Hint: \({p}=\frac{\Delta {I}}{{c}}\)

Step 1: Find the radiation pressure.
Radiation pressure \((p)\) is the force exerted by an electromagnetic wave on
the unit area of the surface, i.e., the rate of change of momentum per unit area of the surface.
The momentum per unit time per unit area is given by; 
\(\Rightarrow \frac{\text { Intensity }}{\text { Speed of wave }}=\frac{{I}}{{c}}\)
Then, radiation pressure is; \(p= \frac{\Delta I}{c}\)
Also, the momentum of the incident wave per unit time per unit area = \(\frac{{I}}{{c}}\)

Step 2: Find the radiation pressure for the absorbed wave.
When the wave is fully absorbed by the surface, the momentum of the reflected
wave per unit time per unit area \(=0\)
Then, radiation pressure \((p)= \) change in momentum per unit time per unit area 
\(\Rightarrow \frac{\Delta {I}}{{c}}=\frac{{I}}{{c}}-0=\frac{{I}}{{c}}\)
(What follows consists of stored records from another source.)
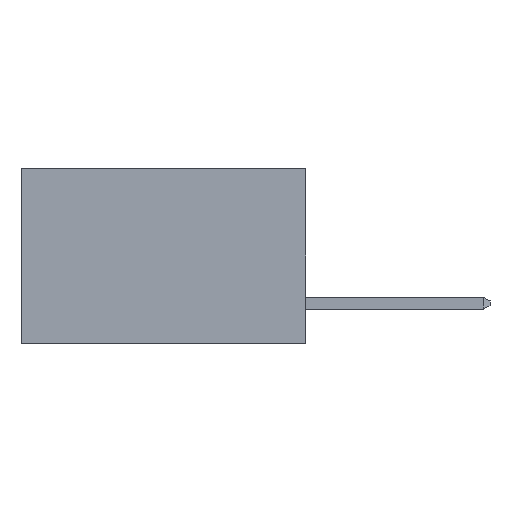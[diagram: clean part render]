
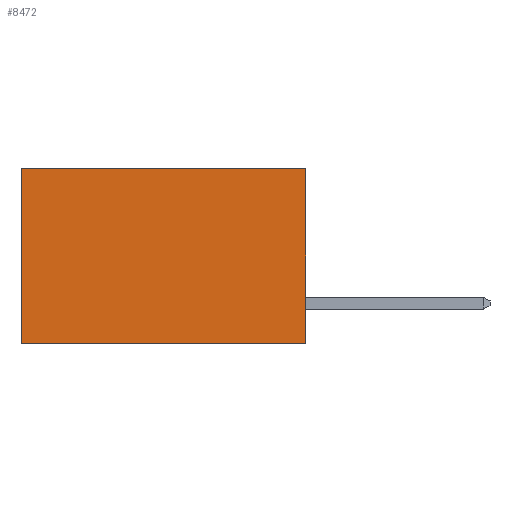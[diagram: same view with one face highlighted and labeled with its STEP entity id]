
A CAD part, left-side view. The second image highlights one B-rep face of the part: STEP entity #8472.
In plain terms, the highlighted planar face has unit normal (-1, 0, 0).
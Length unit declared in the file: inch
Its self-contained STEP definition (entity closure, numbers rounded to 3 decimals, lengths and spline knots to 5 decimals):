
#29 = VECTOR ( 'NONE', #10535, 39.37008 ) ;
#210 = EDGE_CURVE ( 'NONE', #417, #1902, #5871, .T. ) ;
#417 = VERTEX_POINT ( 'NONE', #6715 ) ;
#1058 = LINE ( 'NONE', #11595, #8932 ) ;
#1074 = AXIS2_PLACEMENT_3D ( 'NONE', #1414, #2476, #9562 ) ;
#1170 = CARTESIAN_POINT ( 'NONE',  ( 0.298, 0., -0.37 ) ) ;
#1291 = CARTESIAN_POINT ( 'NONE',  ( 0.298, 0., 0. ) ) ;
#1414 = CARTESIAN_POINT ( 'NONE',  ( 0.298, 0., 0. ) ) ;
#1454 = VERTEX_POINT ( 'NONE', #12417 ) ;
#1902 = VERTEX_POINT ( 'NONE', #9931 ) ;
#2476 = DIRECTION ( 'NONE',  ( 1., 0., 0. ) ) ;
#2505 = DIRECTION ( 'NONE',  ( 0., 0., -1. ) ) ;
#2590 = DIRECTION ( 'NONE',  ( 0., 1., 0. ) ) ;
#3985 = VECTOR ( 'NONE', #2505, 39.37008 ) ;
#4339 = LINE ( 'NONE', #7692, #3985 ) ;
#5155 = ORIENTED_EDGE ( 'NONE', *, *, #210, .T. ) ;
#5667 = CARTESIAN_POINT ( 'NONE',  ( 0.298, 0.6, 0. ) ) ;
#5672 = FACE_OUTER_BOUND ( 'NONE', #9102, .T. ) ;
#5865 = VECTOR ( 'NONE', #11414, 39.37008 ) ;
#5871 = LINE ( 'NONE', #5667, #29 ) ;
#6715 = CARTESIAN_POINT ( 'NONE',  ( 0.298, 0.6, 0. ) ) ;
#7085 = VERTEX_POINT ( 'NONE', #1170 ) ;
#7664 = PLANE ( 'NONE',  #1074 ) ;
#7669 = EDGE_CURVE ( 'NONE', #1454, #417, #8407, .T. ) ;
#7692 = CARTESIAN_POINT ( 'NONE',  ( 0.298, 0., 0. ) ) ;
#8407 = LINE ( 'NONE', #1291, #5865 ) ;
#8472 = ADVANCED_FACE ( 'NONE', ( #5672 ), #7664, .F. ) ;
#8932 = VECTOR ( 'NONE', #2590, 39.37008 ) ;
#8997 = EDGE_CURVE ( 'NONE', #1454, #7085, #4339, .T. ) ;
#9102 = EDGE_LOOP ( 'NONE', ( #5155, #10922, #11851, #11255 ) ) ;
#9562 = DIRECTION ( 'NONE',  ( 0., 0., -1. ) ) ;
#9931 = CARTESIAN_POINT ( 'NONE',  ( 0.298, 0.6, -0.37 ) ) ;
#10535 = DIRECTION ( 'NONE',  ( 0., 0., -1. ) ) ;
#10922 = ORIENTED_EDGE ( 'NONE', *, *, #11197, .F. ) ;
#11197 = EDGE_CURVE ( 'NONE', #7085, #1902, #1058, .T. ) ;
#11255 = ORIENTED_EDGE ( 'NONE', *, *, #7669, .T. ) ;
#11414 = DIRECTION ( 'NONE',  ( 0., 1., 0. ) ) ;
#11595 = CARTESIAN_POINT ( 'NONE',  ( 0.298, 0., -0.37 ) ) ;
#11851 = ORIENTED_EDGE ( 'NONE', *, *, #8997, .F. ) ;
#12417 = CARTESIAN_POINT ( 'NONE',  ( 0.298, 0., 0. ) ) ;

Step 3: Find the radiation pressure for the reflected wave.
When the wave is totally reflected, then the momentum of the reflected wave per
unit time per unit area = \(-\frac{I}{ c}\)
The radiation pressure will be; \(\Rightarrow \frac{I}{c}-\left(-\frac{I}{c}\right)=\frac{2 I}{c}\)
It is evident that  \( p\) lies between \(\frac{I}{c}\) and \(\frac{2I}{c}\) for a real surface, as the wave is partially reflected
by a real surface. Therefore, statements a, c, and d are valid under the given conditions.
Hence, option (3) is the correct answer.